Is collective nest site selection in ants influenced by the anchoring effect?

Grant Navid Doering, Lucas W. Talken, Stephen C. Pratt, Takao Sasaki

Research output: Contribution to journalArticlepeer-review


Evolutionary theory predicts that animals make decisions that maximize fitness. If so, they are expected to adhere to principles of rational choice, which a decision-maker must follow to reliably maximize net benefit. For example, evaluation of an option should not be influenced by the quality of other unchosen options. However, humans and other animals are known to evaluate a mediocre option more favorably after encountering poor options than after encountering no options, a phenomenon known as the ‘anchoring effect’. Rationality is also expected in the consensus decisions of animal societies, but the anchoring effect has not previously been tested in that context.

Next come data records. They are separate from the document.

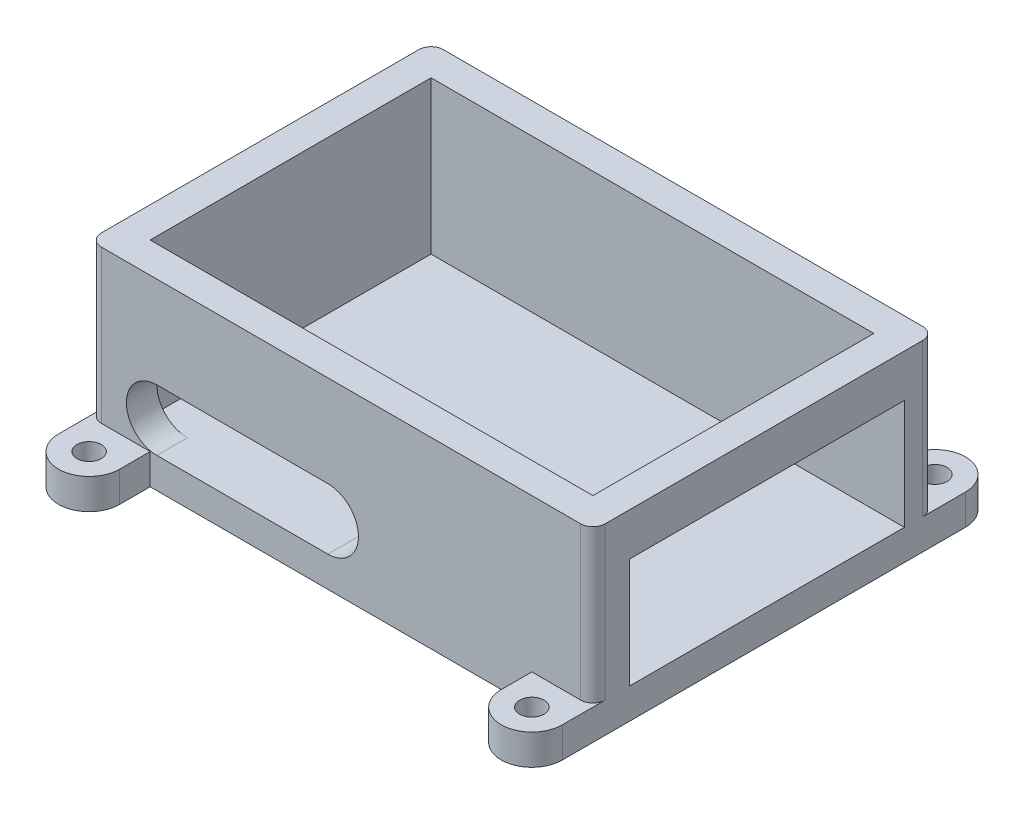
SolidWorks part; units mm, degrees
ref_plane "Front Plane" through (0, 0, 0) normal (0, 0, 1) x (1, 0, 0)
ref_plane "Top Plane" through (0, 0, 0) normal (0, 1, 0) x (1, 0, 0)
ref_plane "Right Plane" through (0, 0, 0) normal (1, 0, 0) x (0, 0, -1)
sketch "Sketch1" plane through (0, 0, 0) normal (0, 1, 0) x (1, 0, 0)
  line L1 (52.3875, -35.56) -> (-52.3875, -35.56)
  line L2 (52.3875, -35.56) -> (52.3875, 35.56)
  line L3 (52.3875, 35.56) -> (-52.3875, 35.56)
  line L4 (-52.3875, -35.56) -> (-52.3875, 35.56)
  line L5 (52.3875, -35.56) -> (-52.3875, 35.56) construction
  line L6 (52.3875, 35.56) -> (-52.3875, -35.56) construction
  line L7 (46.0375, -29.21) -> (-46.0375, -29.21)
  line L8 (46.0375, -29.21) -> (46.0375, 29.21)
  line L9 (46.0375, 29.21) -> (-46.0375, 29.21)
  line L10 (-46.0375, -29.21) -> (-46.0375, 29.21)
  line L11 (46.0375, -29.21) -> (-46.0375, 29.21) construction
  line L12 (46.0375, 29.21) -> (-46.0375, -29.21) construction
  point P0 (0, 0)
  point P6 (0, 0)
  dimension "D1" = 6.35
  dimension "D2" = 6.35
  dimension "D3" = 92.075
  dimension "D4" = 58.42
extrude "Boss-Extrude1" add sketch "Sketch1" along normal blind 6.35 contours L10 L7 L8 L9 | L4 L1 L2 L3 L7 L10 L9 L8 region at (0, 0, 34.2937) region at (0, 0, 0)
extrude "Boss-Extrude2" add sketch "Sketch1<3>" along normal blind 38.1
sketch "Sketch1<3>" plane through (0, 0, 0) normal (0, 1, 0) x (1, 0, 0) same geometry as "Sketch1"
sketch "Sketch2" plane through (0, 0, 35.56) normal (0, 0, 1) x (1, 0, 0)
  line L0 (-38.2837, 12.7) -> (-2.7237, 12.7) construction
  line L1 (-38.2837, 19.05) -> (-2.7237, 19.05)
  line L2 (-38.2837, 6.35) -> (-2.7237, 6.35)
  line L3 (46.0375, 6.35) -> (-46.0375, 6.35) construction
  arc A0 (-38.2837, 19.05) -> (-38.2837, 6.35) centre (-38.2837, 12.7) ccw
  arc A1 (-2.7237, 6.35) -> (-2.7237, 19.05) centre (-2.7237, 12.7) ccw
  point P2 (-20.5037, 12.7)
  point P7 (-19.1218, 22.0369)
  point P10 (-36.04, 12.71)
  point P12 (-19.24, 12.75)
  point P13 (-19.8368, 12.45)
  point P14 (-2.69, 12.3)
  dimension "D1" = 6.35
  dimension "D2" = 35.56
extrude "Cut-Extrude1" cut sketch "Sketch2" against normal up to next
sketch "Sketch3" plane through (52.3875, 0, 0) normal (1, 0, 0) x (0, 0, -1)
  line L0 (29.21, 38.1) -> (29.21, 6.35) construction
  line L1 (-27.94, 29.21) -> (29.21, 29.21)
  line L2 (-27.94, 29.21) -> (-27.94, 6.35)
  line L3 (-27.94, 6.35) -> (29.21, 6.35)
  line L4 (29.21, 29.21) -> (29.21, 6.35)
  line L5 (29.21, 6.35) -> (-29.21, 6.35) construction
  line L6 (-35.56, 38.1) -> (-35.56, 0) construction
  point P6 (-27.9049, 29.1748)
  dimension "D1" = 7.62
  dimension "D2" = 22.86
extrude "Cut-Extrude2" cut sketch "Sketch3" against normal up to next
sketch "Sketch4" plane through (0, 0, 0) normal (0, -1, 0) x (1, 0, 0)
  line L0 (52.3875, 35.56) -> (-52.3875, 35.56) construction
  line L1 (-52.3875, 35.56) -> (-52.3875, -35.56) construction
  line L2 (52.3875, 35.56) -> (52.3875, -35.56) construction
  line L3 (52.3875, -35.56) -> (-52.3875, -35.56) construction
  line L4 (-39.6875, 41.91) -> (-39.6875, 35.56)
  line L5 (-52.3875, 41.91) -> (-52.3875, 35.56)
  line L6 (-52.3875, 35.56) -> (-39.6875, 35.56)
  line L7 (39.6875, 41.91) -> (39.6875, 35.56)
  line L8 (39.6875, 35.56) -> (52.3875, 35.56)
  line L9 (52.3875, 41.91) -> (52.3875, 35.56)
  line L10 (-52.3875, -41.91) -> (-52.3875, -35.56)
  line L11 (-52.3875, -35.56) -> (-39.6875, -35.56)
  line L12 (-39.6875, -35.56) -> (-39.6875, -41.91)
  line L13 (39.6875, -41.91) -> (39.6875, -35.56)
  line L14 (39.6875, -35.56) -> (52.3875, -35.56)
  line L15 (52.3875, -35.56) -> (52.3875, -41.91)
  arc A0 (-39.6875, 41.91) -> (-52.3875, 41.91) centre (-46.0375, 41.91) ccw
  arc A1 (52.3875, 41.91) -> (39.6875, 41.91) centre (46.0375, 41.91) ccw
  arc A2 (-52.3875, -41.91) -> (-39.6875, -41.91) centre (-46.0375, -41.91) ccw
  arc A3 (39.6875, -41.91) -> (52.3875, -41.91) centre (46.0375, -41.91) ccw
  dimension "D2" = 12.7
  dimension "D1" = 6.35
extrude "Boss-Extrude3" add sketch "Sketch4" against normal blind 6.35
sketch "Sketch5" plane through (0, 6.35, 0) normal (0, 1, 0) x (1, 0, 0)
  circle A0 centre (-46.0375, 41.91) radius 2.54
  circle A1 centre (46.0375, 41.91) radius 2.54
  circle A2 centre (46.0375, -41.91) radius 2.54
  circle A3 centre (-46.0375, -41.91) radius 2.54
  dimension "D1" = 5.08
extrude "Cut-Extrude3" cut sketch "Sketch5" against normal up to next
fillet "Fillet1" radius 2.54 4 edges at (52.3875, 22.225, -35.56) (52.3875, 22.225, 35.56) (-52.3875, 22.225, -35.56) (-52.3875, 22.225, 35.56)

Here we show that colonies of the rock ant, Temnothorax rugatulus, demonstrate the anchoring effect during nest site selection — colonies moved more readily from a mediocre nest to a good nest when exposed to poor nests than when exposed to mediocre nests. This effect depended on both current conditions and past experience; movement probability was affected only when colonies were exposed to surrounding nests before and during the emigration. The effect was small, reaching statistical significance in only one of two experimental replicates. We discuss possible mechanisms and ultimate explanations for why colonies show this seemingly suboptimal behavior.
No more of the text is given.